CenterPoint Energy (NYSE:CNP) executives celebrated their company’s status as a “pure play regulated utility” during their first-quarter earnings call Tuesday with financial analysts.

“We heard loud and clear that many of you wanted CenterPoint to exit the [gas] midstream industry,” CEO David Lesar said. “We did it in a way we believe was better and quicker than many of you ever expected.”

Late last year, CenterPoint and OGE Energy (NYSE:OGE) completed the $7.2 billion sale of their partnership in Enable Midstream Partners to Energy Transfer Partners (NYSE:ET). (See OGE, CenterPoint Complete Enable’s Disposal.)

CenterPoint sold all its common units within four months of the transaction at a 20% premium to Energy Transfer’s unit price when the deal was announced, Lesar said.

“Not a bad outcome for those shareholders who thought we would never get out of this investment, let alone receive approximately $1.3 billion of net after-tax proceeds from it,” he said. “We listen to our investors.”

The Houston-based utility in February also sold gas distribution businesses in Arkansas and Oklahoma for more than $1.6 billion. It has used $1.8 billion of the combined proceeds to reduce debt, with a goal of slicing parent-level debt to about 20% of the total by the end of the year.

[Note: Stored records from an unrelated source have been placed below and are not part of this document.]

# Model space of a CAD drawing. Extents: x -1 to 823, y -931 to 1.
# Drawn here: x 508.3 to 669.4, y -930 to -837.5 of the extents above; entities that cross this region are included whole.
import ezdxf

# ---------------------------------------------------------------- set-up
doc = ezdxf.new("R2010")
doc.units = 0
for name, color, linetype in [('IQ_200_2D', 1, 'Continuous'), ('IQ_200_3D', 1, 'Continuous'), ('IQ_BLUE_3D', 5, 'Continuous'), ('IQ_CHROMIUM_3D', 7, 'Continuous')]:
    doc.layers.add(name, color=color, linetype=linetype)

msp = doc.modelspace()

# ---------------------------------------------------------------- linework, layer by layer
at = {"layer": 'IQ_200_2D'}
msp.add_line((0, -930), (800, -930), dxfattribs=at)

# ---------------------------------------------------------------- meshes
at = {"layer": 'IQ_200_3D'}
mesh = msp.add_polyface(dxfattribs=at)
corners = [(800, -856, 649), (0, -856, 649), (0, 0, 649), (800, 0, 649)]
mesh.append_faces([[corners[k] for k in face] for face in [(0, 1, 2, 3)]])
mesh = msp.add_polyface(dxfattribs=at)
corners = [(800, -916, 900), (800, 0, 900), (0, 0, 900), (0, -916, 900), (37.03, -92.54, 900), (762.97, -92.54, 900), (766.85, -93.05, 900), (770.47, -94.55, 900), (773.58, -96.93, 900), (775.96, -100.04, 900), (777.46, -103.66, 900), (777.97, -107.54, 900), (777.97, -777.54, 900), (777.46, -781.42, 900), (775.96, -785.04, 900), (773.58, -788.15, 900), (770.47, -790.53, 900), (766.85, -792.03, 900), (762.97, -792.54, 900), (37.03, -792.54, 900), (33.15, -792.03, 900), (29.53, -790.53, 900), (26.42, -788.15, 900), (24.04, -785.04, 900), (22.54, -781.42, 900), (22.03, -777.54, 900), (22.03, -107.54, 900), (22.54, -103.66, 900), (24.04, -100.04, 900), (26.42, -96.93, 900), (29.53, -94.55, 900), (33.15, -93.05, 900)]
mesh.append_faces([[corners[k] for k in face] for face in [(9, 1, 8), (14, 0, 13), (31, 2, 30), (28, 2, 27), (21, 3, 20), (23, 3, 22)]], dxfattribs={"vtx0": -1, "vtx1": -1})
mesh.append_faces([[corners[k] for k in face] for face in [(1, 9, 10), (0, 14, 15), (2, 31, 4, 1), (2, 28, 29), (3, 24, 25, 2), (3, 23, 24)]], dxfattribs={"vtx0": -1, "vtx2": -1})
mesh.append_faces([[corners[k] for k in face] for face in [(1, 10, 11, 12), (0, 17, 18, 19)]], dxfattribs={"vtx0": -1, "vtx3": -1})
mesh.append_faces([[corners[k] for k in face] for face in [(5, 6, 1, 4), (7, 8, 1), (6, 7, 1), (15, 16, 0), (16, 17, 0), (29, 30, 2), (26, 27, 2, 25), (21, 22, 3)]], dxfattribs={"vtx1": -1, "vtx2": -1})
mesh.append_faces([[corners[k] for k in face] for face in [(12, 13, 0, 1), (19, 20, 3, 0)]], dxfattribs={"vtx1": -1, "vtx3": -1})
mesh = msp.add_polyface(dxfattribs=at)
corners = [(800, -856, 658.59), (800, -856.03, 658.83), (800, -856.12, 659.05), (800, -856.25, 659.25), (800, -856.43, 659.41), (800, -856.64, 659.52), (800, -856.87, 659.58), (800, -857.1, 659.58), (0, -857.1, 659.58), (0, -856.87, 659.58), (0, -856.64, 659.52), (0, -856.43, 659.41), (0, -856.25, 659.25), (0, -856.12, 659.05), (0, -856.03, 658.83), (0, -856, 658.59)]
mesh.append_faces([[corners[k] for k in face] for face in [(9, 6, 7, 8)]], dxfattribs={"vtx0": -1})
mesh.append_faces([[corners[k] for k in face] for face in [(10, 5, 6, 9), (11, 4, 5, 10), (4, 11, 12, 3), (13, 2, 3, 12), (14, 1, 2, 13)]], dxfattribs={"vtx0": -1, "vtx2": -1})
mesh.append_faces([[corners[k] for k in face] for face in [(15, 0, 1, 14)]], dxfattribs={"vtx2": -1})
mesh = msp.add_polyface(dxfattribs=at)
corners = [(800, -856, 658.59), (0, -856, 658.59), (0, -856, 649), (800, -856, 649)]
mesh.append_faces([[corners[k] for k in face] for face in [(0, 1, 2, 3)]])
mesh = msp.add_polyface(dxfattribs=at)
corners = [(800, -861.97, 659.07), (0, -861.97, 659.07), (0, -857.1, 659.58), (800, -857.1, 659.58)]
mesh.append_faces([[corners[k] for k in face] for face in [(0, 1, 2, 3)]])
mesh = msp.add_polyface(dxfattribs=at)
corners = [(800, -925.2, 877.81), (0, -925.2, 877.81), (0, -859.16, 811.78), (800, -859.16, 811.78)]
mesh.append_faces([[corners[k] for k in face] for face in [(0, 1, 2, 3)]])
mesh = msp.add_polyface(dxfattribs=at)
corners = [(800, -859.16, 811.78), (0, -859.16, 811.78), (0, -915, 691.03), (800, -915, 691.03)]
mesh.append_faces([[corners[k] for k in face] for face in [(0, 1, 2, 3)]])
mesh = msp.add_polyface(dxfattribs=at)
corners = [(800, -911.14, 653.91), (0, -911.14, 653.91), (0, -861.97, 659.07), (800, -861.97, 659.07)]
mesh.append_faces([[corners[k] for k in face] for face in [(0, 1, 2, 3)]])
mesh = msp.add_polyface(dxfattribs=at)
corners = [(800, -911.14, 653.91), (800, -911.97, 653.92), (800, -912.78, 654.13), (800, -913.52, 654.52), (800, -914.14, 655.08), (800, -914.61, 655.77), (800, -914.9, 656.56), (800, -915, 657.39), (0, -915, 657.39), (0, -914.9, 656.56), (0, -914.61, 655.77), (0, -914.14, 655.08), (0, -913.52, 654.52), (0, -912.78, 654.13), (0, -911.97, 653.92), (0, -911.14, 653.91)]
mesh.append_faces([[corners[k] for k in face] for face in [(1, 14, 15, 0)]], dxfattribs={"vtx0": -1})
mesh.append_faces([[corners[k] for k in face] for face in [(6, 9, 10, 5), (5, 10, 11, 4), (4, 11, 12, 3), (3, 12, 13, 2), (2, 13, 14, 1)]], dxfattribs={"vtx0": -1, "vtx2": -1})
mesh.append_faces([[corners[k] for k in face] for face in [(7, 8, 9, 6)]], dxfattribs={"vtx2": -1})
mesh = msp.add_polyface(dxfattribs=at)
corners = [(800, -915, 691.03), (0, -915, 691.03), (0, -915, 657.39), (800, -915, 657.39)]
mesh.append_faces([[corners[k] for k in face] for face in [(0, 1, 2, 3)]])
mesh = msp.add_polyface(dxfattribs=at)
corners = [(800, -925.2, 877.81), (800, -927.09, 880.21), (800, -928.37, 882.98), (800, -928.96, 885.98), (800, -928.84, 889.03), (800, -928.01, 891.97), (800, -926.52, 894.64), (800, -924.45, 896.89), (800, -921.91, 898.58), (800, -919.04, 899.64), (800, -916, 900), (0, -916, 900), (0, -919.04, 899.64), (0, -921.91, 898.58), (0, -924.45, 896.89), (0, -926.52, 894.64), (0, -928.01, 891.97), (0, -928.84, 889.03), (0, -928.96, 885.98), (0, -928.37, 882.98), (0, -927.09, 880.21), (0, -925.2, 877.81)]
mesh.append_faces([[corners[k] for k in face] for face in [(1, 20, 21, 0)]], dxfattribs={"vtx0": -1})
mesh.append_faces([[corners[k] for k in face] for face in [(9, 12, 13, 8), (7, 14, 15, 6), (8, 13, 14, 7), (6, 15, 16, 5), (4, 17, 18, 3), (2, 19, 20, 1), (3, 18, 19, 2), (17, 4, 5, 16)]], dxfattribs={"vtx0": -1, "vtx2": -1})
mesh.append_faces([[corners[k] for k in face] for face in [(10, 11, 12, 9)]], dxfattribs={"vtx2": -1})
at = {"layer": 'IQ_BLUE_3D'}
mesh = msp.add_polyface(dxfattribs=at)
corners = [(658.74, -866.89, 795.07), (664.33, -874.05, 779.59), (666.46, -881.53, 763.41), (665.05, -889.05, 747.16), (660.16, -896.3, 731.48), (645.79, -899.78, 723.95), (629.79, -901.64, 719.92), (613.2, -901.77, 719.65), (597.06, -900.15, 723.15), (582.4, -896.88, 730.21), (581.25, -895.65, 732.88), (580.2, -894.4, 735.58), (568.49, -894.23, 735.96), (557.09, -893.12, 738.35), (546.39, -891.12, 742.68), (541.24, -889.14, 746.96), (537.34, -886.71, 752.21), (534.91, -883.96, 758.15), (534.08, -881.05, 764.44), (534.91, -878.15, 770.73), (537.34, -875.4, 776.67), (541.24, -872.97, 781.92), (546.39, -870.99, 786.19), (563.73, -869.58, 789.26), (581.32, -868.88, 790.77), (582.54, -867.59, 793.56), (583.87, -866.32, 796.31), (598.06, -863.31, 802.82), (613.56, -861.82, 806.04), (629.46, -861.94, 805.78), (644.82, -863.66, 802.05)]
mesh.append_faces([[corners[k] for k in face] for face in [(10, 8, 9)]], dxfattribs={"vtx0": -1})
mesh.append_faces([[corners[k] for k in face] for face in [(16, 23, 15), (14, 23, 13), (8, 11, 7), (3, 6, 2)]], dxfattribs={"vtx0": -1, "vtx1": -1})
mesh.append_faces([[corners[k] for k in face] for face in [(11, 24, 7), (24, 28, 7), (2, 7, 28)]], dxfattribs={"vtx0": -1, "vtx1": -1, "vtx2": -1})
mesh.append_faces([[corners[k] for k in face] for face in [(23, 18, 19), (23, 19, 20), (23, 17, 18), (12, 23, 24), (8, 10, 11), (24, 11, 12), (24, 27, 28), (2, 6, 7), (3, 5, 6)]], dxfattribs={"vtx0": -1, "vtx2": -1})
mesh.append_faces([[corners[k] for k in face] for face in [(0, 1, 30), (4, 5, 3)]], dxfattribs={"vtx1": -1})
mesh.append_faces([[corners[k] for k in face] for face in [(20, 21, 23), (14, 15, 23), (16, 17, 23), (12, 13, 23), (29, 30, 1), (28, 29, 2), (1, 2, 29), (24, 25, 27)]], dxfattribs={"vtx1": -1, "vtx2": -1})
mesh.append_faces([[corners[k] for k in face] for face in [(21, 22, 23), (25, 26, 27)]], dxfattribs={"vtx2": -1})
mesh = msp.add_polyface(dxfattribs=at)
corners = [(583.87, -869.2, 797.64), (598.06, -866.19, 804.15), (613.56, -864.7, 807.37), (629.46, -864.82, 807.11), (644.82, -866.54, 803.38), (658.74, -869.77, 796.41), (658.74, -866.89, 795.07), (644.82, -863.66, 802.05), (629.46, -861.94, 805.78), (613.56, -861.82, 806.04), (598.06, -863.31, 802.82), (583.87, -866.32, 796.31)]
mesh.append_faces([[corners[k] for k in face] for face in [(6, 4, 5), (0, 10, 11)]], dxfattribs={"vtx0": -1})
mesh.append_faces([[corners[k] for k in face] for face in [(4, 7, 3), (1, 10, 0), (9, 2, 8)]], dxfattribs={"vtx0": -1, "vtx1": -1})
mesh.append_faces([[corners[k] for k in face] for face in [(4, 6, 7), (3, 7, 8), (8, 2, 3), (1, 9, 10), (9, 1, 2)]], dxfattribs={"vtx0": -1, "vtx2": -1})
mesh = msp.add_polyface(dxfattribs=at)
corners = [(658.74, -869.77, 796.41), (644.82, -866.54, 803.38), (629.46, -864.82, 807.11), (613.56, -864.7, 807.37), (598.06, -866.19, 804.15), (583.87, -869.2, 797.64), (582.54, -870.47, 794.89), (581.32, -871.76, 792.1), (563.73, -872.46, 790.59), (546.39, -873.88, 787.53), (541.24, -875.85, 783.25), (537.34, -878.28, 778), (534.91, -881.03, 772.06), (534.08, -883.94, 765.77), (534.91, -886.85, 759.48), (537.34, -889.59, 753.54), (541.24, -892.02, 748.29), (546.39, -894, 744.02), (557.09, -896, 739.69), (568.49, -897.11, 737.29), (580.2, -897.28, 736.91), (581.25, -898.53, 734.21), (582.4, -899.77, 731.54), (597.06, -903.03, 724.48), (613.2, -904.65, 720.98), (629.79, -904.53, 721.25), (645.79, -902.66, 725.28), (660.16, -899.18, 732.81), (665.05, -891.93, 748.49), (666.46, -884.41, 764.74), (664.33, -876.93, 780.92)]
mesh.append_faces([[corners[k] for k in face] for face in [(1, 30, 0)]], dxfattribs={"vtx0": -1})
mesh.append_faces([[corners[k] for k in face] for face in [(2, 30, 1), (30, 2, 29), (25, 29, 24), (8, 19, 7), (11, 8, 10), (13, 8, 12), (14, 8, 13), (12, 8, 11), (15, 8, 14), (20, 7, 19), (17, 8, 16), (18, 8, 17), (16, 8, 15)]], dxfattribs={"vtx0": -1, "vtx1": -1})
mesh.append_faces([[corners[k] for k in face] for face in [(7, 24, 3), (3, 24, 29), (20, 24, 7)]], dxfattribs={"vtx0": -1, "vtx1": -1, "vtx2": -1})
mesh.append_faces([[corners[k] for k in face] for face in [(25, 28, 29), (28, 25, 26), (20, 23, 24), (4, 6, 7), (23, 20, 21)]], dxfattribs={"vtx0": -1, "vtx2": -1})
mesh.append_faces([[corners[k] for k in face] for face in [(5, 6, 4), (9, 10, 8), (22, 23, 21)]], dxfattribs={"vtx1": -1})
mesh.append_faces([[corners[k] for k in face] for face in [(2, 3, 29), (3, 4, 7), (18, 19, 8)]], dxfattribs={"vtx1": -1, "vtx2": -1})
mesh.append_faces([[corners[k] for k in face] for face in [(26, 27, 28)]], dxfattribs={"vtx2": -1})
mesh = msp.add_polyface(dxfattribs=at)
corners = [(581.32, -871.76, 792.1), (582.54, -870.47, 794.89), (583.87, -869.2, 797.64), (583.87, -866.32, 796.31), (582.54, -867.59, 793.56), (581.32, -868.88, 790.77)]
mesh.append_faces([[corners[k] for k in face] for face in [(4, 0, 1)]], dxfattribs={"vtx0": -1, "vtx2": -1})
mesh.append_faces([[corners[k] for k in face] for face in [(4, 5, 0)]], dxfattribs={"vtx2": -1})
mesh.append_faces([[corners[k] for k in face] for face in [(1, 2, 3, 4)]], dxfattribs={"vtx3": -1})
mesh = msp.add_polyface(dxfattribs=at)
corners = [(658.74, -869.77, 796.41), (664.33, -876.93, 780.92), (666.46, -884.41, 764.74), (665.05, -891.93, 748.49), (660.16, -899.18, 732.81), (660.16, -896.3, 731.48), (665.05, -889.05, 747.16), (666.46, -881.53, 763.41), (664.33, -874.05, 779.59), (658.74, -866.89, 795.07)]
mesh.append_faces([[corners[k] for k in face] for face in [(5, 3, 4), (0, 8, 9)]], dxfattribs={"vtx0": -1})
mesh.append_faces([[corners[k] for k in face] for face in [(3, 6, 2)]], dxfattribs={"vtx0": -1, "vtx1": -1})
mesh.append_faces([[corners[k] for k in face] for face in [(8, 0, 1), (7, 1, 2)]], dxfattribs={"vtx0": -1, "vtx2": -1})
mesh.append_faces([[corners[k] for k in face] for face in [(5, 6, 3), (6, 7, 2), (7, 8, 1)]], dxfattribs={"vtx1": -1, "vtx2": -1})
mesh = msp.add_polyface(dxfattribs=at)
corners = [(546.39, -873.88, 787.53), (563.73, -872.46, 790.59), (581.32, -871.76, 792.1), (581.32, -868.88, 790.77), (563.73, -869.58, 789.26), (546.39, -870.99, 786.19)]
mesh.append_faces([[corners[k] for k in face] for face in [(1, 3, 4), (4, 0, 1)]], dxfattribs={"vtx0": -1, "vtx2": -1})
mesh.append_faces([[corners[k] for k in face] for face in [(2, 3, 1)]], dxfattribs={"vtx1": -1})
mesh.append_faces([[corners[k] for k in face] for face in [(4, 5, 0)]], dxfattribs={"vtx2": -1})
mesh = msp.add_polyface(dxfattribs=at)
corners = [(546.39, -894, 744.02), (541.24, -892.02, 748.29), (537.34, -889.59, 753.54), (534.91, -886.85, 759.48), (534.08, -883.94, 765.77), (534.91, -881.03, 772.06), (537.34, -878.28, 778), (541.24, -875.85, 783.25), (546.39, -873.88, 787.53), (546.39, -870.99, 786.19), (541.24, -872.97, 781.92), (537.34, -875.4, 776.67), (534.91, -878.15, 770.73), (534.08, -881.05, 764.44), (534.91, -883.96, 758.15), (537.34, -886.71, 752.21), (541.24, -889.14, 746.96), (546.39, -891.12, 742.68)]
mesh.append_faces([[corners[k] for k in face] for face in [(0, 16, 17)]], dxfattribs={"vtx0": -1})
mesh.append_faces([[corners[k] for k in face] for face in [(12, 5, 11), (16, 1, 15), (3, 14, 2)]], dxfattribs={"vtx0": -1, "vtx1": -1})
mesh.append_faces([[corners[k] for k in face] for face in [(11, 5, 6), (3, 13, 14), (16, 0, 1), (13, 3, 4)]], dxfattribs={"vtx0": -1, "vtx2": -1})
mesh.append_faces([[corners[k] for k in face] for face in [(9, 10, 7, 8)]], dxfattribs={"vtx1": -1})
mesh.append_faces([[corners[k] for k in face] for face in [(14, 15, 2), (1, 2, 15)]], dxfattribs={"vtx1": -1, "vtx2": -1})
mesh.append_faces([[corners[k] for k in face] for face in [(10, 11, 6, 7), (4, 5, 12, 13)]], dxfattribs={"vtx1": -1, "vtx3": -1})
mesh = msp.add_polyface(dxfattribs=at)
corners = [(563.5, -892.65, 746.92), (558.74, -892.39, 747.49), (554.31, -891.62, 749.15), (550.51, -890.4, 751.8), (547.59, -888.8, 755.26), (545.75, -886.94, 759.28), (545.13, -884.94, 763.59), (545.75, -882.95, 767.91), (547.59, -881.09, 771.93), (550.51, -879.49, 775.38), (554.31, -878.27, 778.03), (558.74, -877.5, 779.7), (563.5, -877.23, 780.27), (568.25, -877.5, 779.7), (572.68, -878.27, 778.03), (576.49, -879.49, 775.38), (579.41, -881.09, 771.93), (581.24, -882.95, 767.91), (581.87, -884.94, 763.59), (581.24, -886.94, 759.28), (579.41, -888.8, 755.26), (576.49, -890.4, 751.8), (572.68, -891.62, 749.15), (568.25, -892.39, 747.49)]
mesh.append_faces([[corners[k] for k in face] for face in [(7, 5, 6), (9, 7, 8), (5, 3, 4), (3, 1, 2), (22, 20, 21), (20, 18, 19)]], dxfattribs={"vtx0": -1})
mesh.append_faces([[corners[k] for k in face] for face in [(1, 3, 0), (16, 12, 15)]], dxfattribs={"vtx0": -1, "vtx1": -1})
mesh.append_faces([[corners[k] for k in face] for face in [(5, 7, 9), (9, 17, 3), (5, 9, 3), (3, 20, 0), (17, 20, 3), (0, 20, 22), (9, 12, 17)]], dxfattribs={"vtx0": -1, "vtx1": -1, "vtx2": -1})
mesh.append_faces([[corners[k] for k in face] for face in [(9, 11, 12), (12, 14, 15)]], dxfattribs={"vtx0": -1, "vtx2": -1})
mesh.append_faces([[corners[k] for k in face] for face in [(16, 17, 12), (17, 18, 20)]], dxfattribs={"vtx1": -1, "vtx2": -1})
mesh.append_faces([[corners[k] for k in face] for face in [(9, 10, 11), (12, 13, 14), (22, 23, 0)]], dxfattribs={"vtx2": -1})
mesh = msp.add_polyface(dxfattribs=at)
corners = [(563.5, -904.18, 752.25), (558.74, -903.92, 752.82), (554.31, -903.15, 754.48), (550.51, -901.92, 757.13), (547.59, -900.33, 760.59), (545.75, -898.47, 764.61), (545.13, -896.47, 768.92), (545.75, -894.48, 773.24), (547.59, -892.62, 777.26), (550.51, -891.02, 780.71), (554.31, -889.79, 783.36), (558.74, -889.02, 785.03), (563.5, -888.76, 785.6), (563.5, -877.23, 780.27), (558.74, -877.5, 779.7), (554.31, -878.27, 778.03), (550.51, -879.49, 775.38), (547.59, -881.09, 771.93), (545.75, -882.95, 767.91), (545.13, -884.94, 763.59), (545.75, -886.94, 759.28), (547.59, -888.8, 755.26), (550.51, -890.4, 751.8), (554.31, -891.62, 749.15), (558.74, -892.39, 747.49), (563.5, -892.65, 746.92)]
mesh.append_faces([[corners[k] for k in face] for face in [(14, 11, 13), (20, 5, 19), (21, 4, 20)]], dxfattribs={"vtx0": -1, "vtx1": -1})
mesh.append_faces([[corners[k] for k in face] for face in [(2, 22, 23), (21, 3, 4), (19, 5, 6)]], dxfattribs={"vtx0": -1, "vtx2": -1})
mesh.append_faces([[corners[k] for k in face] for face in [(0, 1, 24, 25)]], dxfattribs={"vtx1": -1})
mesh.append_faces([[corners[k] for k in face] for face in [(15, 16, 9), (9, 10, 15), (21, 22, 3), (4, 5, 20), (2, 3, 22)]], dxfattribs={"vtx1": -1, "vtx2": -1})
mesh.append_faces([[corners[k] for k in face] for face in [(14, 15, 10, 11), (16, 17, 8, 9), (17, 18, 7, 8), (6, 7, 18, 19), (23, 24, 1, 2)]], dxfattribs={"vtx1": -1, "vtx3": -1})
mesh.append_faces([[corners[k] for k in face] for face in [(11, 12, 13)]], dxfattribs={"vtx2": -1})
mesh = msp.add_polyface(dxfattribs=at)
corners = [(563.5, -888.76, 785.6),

Management expects full recovery of $1.1 billion in gas costs incurred during the 2021 winter storm through Texas securitization efforts. CenterPoint will also soon file in Indiana for the cost of retiring two coal plants. It expects a decision by the end of the year and, with approval, securitization bonds to be issued early next year.

The utility reported earnings of $518 million ($0.82/diluted share) for 2022’s first quarter, up from $334 million ($0.56/diluted share) for the same period a year ago. The non-GAAP earnings of 47 cents/share just missed the Zacks Consensus Estimate of 48 cents.

The company’s share price closed at $30.54 on Tuesday, a gain of 33 cents.

CAISO’s New Renewables Record Falls Hair Short of 100%

For a moment last Saturday, CAISO was able to serve nearly 100% of its native load with renewable energy, beating a record set just a month earlier.

The peak occurred at 2:50 p.m. on April 30, when the California grid operator served 99.87% of its momentary demand with renewables, breaking the previous record of 97.6% set on April 3, the ISO confirmed Tuesday after reviewing generation data. (See CAISO Sets 98% Renewables Record.)

In a tweet Tuesday, CAISO called the event “a significant milestone along the path to a carbon-free power grid.”

Preliminary data from the ISO indicated that output from renewables reached 18,629 MW during the peak, nearly matching demand. At the same time, gas-fired plants were generating 2,434 MW, nuclear 2,239 MW and large hydro 590 MW. Exports from the CAISO system hit about 4,400 MW during the interval.

The exports did not match total generation from those resources because a portion of the ISO’s natural gas generation consists of reliability-must-run units operating behind transmission constraints and combined heat and power units that cannot be curtailed.

Spring is typically a period of low demand in California, accompanied by relatively high output from solar, wind and hydro, often leading to energy surpluses.

CAISO’s installed renewable energy mix consists of about 57% solar, 30% wind, and smaller amounts of geothermal energy, small-hydro resources and biofuels. While emissions-free and technically renewable, large hydro resources are not included in the mix.

About 32% of California’s energy mix came from renewable power in 2020, the most recent year for which figures are available, according to the state Energy Commission.